**What is expected**. In the entries below, the word "angular" appears on some lines. Copy each of those lines.
- Opening Delimiter -
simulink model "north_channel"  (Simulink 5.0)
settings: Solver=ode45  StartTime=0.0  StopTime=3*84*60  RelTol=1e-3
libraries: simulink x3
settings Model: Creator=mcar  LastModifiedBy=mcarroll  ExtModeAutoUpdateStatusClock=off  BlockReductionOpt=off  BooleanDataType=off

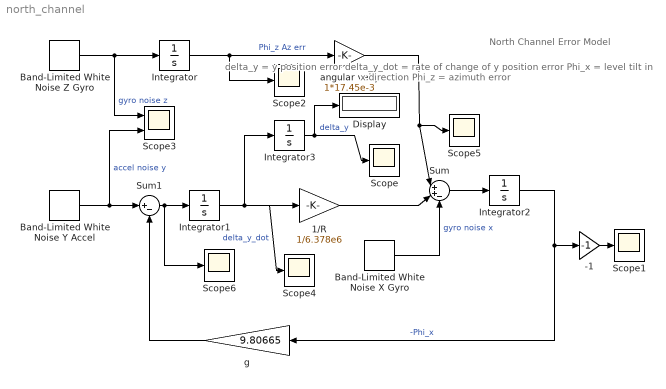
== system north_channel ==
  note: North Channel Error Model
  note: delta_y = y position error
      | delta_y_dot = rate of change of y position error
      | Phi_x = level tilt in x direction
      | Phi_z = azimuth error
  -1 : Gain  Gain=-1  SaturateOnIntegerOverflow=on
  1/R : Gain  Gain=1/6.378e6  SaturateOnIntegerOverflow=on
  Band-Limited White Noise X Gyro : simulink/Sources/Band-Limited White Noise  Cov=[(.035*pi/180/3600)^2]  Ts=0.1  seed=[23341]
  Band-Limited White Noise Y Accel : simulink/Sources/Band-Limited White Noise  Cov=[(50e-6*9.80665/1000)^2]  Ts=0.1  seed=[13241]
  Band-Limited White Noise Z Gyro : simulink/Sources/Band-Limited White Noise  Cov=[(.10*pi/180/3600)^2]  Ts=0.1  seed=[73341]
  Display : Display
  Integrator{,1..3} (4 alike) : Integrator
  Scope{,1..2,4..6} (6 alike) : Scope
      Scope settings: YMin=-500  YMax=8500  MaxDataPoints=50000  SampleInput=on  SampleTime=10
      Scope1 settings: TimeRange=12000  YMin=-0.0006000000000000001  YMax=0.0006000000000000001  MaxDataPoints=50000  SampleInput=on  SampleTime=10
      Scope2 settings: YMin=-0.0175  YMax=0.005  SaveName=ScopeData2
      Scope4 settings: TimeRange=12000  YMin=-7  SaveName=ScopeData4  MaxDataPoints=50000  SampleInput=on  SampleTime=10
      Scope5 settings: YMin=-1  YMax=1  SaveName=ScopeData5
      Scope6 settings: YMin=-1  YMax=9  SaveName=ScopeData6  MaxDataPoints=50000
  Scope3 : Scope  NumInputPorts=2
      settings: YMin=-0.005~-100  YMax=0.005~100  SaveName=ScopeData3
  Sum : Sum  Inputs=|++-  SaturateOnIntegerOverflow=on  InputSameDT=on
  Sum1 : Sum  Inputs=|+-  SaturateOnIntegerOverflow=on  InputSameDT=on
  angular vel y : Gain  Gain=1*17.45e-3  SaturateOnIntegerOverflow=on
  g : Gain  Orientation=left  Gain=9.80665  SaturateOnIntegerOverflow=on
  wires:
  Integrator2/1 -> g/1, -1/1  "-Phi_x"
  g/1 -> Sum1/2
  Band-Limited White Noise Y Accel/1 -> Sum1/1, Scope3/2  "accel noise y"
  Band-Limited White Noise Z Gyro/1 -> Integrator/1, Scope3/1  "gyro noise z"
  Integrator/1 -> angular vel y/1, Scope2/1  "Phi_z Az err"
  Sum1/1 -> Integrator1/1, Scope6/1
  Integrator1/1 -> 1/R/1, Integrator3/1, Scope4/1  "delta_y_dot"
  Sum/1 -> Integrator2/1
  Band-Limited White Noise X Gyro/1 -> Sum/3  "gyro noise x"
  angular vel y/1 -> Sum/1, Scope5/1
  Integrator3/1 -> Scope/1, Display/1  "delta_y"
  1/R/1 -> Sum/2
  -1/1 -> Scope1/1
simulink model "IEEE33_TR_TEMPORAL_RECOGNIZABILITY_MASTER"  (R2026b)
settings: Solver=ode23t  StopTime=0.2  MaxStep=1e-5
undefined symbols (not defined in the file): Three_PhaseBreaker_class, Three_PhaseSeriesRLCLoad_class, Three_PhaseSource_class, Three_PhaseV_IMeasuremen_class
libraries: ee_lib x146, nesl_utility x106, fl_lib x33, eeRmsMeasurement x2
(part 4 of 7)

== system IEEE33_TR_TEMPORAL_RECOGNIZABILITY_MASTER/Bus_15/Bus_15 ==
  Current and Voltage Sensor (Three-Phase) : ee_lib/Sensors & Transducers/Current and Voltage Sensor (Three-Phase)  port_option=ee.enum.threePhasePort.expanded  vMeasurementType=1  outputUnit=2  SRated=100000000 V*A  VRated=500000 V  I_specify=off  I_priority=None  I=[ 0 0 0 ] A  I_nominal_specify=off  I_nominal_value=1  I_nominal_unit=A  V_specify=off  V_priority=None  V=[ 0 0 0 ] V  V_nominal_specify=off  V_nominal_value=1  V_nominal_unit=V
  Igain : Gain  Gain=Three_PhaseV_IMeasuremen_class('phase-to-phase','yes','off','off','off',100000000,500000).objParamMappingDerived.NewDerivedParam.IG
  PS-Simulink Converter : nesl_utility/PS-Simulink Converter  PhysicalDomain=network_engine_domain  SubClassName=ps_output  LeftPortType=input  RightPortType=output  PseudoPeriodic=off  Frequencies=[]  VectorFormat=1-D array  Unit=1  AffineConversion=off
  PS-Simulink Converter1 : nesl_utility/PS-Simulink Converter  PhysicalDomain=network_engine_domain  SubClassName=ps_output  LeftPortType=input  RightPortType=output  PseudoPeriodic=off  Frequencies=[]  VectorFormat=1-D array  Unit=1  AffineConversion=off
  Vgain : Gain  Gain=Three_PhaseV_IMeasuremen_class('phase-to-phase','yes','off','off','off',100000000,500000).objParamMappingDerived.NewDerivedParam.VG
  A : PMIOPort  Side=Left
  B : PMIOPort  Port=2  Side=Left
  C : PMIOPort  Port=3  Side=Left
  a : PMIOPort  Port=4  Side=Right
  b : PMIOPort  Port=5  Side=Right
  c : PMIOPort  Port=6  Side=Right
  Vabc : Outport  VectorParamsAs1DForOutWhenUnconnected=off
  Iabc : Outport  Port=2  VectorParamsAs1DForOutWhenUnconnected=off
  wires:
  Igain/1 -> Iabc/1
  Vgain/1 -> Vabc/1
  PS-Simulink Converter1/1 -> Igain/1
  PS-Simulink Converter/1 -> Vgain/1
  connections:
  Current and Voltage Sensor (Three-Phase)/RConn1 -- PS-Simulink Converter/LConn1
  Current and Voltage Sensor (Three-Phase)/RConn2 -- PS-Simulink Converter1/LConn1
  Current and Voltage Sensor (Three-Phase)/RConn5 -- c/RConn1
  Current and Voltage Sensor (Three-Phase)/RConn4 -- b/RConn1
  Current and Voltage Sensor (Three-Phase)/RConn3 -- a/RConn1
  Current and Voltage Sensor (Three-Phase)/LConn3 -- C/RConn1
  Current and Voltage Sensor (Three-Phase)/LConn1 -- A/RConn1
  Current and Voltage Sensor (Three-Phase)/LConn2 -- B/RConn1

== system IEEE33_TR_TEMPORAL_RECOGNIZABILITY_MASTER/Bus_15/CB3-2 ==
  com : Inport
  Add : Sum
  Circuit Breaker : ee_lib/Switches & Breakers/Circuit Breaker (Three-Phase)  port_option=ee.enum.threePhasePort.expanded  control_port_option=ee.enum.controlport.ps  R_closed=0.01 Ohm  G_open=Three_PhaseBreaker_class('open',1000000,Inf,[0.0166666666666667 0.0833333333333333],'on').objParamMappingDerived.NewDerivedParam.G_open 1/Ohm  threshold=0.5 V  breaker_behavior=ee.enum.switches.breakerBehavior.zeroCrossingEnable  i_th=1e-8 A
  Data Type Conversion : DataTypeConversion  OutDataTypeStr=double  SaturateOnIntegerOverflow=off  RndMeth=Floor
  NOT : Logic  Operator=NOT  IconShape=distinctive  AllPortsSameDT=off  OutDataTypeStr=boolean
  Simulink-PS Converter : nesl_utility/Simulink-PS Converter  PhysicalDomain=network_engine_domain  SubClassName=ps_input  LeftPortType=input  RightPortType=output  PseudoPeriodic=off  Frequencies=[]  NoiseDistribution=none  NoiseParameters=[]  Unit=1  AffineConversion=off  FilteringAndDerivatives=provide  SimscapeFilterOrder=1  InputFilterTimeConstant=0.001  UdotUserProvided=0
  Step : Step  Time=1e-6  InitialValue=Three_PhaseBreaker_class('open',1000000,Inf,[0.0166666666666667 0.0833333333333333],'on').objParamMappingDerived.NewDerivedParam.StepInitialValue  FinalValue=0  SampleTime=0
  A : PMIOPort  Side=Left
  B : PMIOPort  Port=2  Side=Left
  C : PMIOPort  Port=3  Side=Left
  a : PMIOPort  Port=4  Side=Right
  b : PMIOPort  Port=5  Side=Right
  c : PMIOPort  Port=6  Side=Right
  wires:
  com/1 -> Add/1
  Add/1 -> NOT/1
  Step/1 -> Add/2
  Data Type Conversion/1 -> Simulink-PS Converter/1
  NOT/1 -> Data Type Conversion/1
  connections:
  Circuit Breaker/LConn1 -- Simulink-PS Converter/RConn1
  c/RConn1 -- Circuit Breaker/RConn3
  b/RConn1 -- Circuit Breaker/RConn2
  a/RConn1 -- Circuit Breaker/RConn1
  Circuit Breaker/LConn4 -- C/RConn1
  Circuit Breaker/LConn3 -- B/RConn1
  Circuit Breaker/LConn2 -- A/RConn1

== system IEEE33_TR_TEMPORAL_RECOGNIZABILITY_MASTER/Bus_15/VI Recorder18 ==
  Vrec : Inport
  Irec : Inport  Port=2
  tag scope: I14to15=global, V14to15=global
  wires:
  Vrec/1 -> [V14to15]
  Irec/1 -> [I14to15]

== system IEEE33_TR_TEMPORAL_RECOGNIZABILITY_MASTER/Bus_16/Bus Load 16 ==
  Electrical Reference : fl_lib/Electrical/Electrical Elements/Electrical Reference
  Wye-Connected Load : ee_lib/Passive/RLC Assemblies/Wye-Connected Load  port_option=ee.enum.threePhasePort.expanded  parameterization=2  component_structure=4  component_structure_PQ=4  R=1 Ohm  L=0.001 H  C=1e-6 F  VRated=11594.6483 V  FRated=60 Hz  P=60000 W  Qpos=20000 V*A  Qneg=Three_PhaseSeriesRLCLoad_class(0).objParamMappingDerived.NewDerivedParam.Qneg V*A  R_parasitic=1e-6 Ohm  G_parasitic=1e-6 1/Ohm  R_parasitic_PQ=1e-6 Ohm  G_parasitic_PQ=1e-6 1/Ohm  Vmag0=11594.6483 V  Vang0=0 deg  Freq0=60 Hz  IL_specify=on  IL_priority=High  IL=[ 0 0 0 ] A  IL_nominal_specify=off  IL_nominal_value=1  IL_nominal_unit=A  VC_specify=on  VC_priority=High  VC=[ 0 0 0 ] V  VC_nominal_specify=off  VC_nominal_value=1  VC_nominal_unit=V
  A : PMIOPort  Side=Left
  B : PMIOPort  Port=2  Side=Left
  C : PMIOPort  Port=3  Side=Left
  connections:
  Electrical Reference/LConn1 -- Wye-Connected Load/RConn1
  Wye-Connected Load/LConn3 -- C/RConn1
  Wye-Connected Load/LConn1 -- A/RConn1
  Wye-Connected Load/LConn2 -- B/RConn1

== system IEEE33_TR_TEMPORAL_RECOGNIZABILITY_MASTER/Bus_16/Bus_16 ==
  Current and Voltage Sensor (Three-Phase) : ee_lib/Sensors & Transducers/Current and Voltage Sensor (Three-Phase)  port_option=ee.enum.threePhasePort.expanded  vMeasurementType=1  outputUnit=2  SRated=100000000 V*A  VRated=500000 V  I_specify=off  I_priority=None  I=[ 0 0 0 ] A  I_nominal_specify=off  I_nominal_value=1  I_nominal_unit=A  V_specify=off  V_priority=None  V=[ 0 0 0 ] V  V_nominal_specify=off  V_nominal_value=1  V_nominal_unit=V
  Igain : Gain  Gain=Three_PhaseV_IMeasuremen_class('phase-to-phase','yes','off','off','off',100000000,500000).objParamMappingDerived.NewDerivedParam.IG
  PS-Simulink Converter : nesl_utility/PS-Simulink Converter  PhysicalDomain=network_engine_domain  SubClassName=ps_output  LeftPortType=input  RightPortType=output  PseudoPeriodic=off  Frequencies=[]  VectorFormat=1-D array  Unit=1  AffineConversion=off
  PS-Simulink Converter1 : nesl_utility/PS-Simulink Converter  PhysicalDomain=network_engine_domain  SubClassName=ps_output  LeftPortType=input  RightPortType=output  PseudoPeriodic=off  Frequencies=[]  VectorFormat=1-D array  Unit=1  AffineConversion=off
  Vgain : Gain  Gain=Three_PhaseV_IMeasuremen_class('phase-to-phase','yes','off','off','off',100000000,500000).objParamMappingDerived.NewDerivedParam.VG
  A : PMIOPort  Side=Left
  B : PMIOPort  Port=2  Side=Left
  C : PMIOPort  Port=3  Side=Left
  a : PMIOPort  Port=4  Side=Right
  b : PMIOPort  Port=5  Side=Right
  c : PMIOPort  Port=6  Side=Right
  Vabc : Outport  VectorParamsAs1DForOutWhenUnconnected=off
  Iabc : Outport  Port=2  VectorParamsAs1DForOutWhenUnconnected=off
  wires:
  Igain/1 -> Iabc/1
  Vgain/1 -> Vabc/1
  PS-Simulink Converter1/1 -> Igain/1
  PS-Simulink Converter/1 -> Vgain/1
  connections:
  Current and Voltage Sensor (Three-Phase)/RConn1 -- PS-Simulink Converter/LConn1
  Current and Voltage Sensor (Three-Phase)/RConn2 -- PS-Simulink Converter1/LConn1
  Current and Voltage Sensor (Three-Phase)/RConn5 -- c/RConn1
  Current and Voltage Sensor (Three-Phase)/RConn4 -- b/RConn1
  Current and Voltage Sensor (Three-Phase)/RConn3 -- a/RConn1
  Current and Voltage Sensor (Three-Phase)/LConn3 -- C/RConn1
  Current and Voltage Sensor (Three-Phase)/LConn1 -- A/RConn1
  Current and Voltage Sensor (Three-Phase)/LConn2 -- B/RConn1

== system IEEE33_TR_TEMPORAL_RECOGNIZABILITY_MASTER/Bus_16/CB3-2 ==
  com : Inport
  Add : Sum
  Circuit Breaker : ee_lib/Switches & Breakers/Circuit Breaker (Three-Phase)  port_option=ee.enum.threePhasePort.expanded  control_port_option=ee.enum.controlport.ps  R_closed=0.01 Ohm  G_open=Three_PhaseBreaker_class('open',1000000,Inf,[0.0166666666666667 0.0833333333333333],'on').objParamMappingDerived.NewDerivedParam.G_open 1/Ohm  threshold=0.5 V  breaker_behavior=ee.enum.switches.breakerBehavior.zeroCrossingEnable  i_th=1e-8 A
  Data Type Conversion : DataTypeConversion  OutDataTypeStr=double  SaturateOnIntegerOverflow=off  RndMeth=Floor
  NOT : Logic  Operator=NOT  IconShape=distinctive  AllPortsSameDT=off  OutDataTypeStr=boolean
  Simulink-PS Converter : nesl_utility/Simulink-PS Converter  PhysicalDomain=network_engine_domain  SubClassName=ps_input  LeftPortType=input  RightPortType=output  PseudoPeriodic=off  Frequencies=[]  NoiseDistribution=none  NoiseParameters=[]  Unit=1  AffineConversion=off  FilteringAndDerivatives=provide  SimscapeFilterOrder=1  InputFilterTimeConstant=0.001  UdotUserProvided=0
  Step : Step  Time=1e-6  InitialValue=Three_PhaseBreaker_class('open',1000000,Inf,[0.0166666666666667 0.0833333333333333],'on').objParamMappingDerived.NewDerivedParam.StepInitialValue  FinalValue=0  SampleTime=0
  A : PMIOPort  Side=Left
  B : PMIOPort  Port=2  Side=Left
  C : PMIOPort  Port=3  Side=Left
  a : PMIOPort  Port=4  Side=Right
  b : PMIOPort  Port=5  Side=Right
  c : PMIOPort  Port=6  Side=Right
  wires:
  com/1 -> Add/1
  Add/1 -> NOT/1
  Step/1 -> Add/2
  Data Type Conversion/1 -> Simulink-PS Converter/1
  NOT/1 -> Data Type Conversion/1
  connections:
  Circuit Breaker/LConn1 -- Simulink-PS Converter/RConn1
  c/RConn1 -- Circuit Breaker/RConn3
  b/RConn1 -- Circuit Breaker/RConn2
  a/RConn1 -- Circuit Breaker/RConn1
- Closing Delimiter -
**Response for this exercise**.
  angular vel y : Gain  Gain=1*17.45e-3  SaturateOnIntegerOverflow=on
  Integrator/1 -> angular vel y/1, Scope2/1  "Phi_z Az err"
  angular vel y/1 -> Sum/1, Scope5/1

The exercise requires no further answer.